Yet again, I’m faced with another person in our building coming with to me with those god damn reads using 27F 519R primers with the v3 (2x 300bp chemistry). Yes, I’ve now passed on messages to our sequencing centre and yes to the school as well about not going down this road. ANYWAY, is there a possible solution to tweak make.contigs to better handle this situation. The guys in the sequencing centre said:

"There are some reagent performance issues with the v3 600-cycle kits from Illumina which manifest as poor quality towards the end of each read of a long read run (2x300bp), but particularly affect read 2. The last update I had from them indicated they may have found a cause, but are still investigating. They have not put any usage or purchase holds on these reagents and have not issued any technical bulletins or warning about them either. One reason for this is that there is variability in the performance of the reagents even from the same lot, and runs can still pass their performance parameters, although some more stringent mitigations are now necessary whereas previously these were not much of a concern. These include lowering the cluster density and increasing the PhiX spike in.

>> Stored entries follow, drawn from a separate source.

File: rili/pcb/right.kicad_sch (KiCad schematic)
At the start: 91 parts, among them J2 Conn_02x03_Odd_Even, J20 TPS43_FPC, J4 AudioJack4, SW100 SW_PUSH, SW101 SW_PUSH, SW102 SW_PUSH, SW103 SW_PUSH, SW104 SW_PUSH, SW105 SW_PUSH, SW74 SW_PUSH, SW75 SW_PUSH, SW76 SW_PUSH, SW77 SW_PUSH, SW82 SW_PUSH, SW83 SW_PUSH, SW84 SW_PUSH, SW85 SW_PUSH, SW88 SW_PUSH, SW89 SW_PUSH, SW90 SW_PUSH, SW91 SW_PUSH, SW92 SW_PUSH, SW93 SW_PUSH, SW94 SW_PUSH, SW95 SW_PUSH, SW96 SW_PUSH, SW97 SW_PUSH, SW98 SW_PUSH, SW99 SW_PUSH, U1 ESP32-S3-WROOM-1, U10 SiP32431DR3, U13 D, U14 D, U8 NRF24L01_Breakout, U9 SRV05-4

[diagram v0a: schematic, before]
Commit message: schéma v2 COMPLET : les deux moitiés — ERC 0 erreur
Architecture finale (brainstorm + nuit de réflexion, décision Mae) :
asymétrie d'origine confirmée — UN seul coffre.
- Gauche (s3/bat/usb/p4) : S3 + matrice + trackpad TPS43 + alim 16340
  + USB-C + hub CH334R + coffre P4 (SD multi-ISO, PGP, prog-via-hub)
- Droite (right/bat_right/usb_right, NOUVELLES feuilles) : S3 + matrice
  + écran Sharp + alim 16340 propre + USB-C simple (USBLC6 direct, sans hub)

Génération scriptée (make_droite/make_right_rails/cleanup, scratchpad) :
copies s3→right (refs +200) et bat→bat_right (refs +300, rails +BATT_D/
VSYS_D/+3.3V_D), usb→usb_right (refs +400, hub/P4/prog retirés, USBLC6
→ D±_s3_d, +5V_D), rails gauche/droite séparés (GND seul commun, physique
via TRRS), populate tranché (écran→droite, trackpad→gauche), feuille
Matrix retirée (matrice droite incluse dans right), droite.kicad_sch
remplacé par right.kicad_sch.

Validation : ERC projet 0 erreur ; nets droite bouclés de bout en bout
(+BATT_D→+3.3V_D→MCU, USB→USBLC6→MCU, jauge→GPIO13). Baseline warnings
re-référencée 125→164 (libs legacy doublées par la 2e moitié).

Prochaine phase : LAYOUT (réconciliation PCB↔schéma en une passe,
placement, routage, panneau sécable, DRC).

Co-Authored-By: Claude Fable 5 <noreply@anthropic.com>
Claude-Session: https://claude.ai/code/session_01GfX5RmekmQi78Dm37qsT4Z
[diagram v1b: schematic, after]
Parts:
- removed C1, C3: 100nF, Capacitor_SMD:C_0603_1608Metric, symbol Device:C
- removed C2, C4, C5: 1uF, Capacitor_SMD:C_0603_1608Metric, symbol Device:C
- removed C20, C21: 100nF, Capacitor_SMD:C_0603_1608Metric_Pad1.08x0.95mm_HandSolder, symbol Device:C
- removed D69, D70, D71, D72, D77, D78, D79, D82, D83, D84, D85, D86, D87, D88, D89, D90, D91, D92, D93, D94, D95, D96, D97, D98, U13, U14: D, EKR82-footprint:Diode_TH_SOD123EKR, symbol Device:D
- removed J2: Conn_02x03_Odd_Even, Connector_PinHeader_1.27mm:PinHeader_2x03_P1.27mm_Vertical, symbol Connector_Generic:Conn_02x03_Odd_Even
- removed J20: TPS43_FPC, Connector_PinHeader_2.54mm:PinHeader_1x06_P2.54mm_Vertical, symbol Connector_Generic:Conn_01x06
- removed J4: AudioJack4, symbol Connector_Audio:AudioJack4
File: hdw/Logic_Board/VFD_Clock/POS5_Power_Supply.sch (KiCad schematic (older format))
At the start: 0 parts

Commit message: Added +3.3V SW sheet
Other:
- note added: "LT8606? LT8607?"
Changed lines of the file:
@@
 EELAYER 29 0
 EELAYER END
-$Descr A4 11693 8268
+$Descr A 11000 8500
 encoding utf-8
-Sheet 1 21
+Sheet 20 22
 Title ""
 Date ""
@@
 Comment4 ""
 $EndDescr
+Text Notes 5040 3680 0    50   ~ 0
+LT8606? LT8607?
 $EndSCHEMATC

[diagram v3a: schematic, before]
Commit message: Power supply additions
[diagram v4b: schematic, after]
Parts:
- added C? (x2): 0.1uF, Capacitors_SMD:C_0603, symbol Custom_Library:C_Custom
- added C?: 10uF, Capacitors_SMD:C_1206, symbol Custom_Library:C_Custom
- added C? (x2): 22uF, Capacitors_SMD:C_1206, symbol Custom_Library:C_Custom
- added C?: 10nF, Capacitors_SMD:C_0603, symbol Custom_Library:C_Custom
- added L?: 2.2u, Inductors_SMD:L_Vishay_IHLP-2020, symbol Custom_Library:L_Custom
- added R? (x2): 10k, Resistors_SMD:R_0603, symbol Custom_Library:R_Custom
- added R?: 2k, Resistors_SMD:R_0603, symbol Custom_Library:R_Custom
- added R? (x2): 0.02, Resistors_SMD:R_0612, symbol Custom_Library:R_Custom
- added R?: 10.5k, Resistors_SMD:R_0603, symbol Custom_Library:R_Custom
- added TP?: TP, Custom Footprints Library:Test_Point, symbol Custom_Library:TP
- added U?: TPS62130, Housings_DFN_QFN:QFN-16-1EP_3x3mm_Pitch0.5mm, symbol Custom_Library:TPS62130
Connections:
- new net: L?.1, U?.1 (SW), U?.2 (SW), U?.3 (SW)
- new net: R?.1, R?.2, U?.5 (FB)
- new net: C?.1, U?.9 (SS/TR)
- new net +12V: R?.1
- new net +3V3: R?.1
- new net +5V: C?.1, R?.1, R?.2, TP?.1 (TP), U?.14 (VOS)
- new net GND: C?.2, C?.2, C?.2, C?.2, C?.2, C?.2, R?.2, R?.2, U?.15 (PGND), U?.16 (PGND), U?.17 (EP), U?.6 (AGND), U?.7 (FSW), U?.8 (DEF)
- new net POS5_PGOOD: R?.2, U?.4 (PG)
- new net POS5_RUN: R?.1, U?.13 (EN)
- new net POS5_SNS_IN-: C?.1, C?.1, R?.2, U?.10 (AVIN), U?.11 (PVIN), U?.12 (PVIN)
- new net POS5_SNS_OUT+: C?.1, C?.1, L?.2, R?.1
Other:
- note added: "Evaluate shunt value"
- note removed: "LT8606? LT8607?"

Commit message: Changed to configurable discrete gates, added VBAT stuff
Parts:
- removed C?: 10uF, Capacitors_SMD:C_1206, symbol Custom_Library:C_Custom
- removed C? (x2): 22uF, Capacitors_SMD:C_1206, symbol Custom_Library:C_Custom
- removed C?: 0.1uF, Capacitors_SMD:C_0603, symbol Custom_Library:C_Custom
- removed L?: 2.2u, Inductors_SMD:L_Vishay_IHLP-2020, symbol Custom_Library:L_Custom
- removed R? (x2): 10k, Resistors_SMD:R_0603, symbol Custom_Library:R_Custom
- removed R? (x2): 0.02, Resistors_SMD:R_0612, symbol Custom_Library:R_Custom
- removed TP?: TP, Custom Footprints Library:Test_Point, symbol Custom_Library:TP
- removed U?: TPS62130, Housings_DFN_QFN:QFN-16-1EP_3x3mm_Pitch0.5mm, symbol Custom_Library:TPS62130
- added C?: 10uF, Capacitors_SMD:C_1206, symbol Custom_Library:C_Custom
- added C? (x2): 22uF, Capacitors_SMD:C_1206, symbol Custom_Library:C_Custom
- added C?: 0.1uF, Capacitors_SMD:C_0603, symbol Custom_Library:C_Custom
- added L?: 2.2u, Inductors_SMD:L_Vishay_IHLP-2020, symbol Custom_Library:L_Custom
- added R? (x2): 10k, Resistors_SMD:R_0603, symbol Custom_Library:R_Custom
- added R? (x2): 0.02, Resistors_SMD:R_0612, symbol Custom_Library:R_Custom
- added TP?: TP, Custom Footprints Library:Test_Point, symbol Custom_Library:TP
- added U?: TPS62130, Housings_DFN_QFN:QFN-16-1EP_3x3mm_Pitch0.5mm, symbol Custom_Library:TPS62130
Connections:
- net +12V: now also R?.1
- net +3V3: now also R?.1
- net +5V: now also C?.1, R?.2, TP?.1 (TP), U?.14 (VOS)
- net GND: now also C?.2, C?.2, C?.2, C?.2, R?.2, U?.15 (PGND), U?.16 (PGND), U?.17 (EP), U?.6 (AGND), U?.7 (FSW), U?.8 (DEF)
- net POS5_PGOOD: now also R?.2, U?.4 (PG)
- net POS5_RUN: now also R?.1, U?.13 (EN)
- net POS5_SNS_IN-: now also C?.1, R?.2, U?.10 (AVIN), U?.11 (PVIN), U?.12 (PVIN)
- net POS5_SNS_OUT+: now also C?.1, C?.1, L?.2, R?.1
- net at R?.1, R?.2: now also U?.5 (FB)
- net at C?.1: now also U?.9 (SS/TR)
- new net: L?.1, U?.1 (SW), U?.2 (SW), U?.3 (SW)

and passed on some info that another group was doing;

“The quality of all illumiuna R1 and R2 reads was assessed visually using fastqc [1]. Generally we observed a significant drop in read quality in the last 50-100bp of R2 and the last 10bp of R1. We trim the 5’ end of R1 by 10bp and the 5’ end of R2 by 70bp (we chose to trim as many bp as possible while
still leaving an overlap that allowed reliable merging of R1 and R2 reads. Reads were then merged using FLASH [2]. After merging several hundred sequence were merged manually and the results compared to the FLASH merges to ensure efficacy of FLASH.”

I’m naturally curious and will have a look at this approach. I’m most interested in whether trimming the sequence before attempting to make contigs will aid in not losing ~ 60 % of your sequences after screening contigs!!! :shock: (generally due to at least 1 or more NBases being present) and also keeping in mind that those 40 % that pass, 30 % of them (30 % of the 40 %) are unique :lol: Garbage in garbage out…

Sorry! We haven’t played much more with this. My thinking is that if you trim the reads then you have even less overlap between the reads. I kind of think you’re getting sent on a fool’s errand. It might save money, in the long run, to resequenced with V2 chemistry on the V4 read - of course, that assumes they value your time

Pat

There were some slight differences between the output whether I chose to use make.contigs with the fastqs or first chop off the ends (10 bp from the R1 and 75 bp from the R2) before make.contigs. The lengths of raw contigs were different (not shown). For both sets I then;

screen.seqs(maxambig=0,minlength=390,maxlength=550,maxhomop=12)

make.contigs default

Start End NBases Ambigs Polymer NumSeqs
Minimum: 1 392 392 0 4 1
2.5%-tile: 1 432 432 0 4 348
25%-tile: 1 454 454 0 5 3471
Median: 1 471 471 0 5 6941
75%-tile: 1 486 486 0 6 10411
97.5%-tile: 1 512 512 0 6 13534
Maximum: 1 548 548 0 12 13881
Mean: 1 471.153 471.153 0 5.14646

of Seqs: 13881

unique.seqs()
13881 5452 (39.3 %)

Chop before make.contigs

Start End NBases Ambigs Polymer NumSeqs
Minimum: 1 402 402 0 3 1
2.5%-tile: 1 434 434 0 4 482
25%-tile: 1 461 461 0 5 4813
Median: 1 483 483 0 5 9626
75%-tile: 1 487 487 0 6 14438
97.5%-tile: 1 510 510 0 11 18769
Maximum: 1 515 515 0 12 19250
Mean: 1 473.839 473.839 0 5.38348

of Seqs: 19250

unique.seqs()
19250 9822 (51.0 %)

Note that the initial number of sequences was 72430, so you lose about 75 % of your sequences with both attempts. :shock: dodge.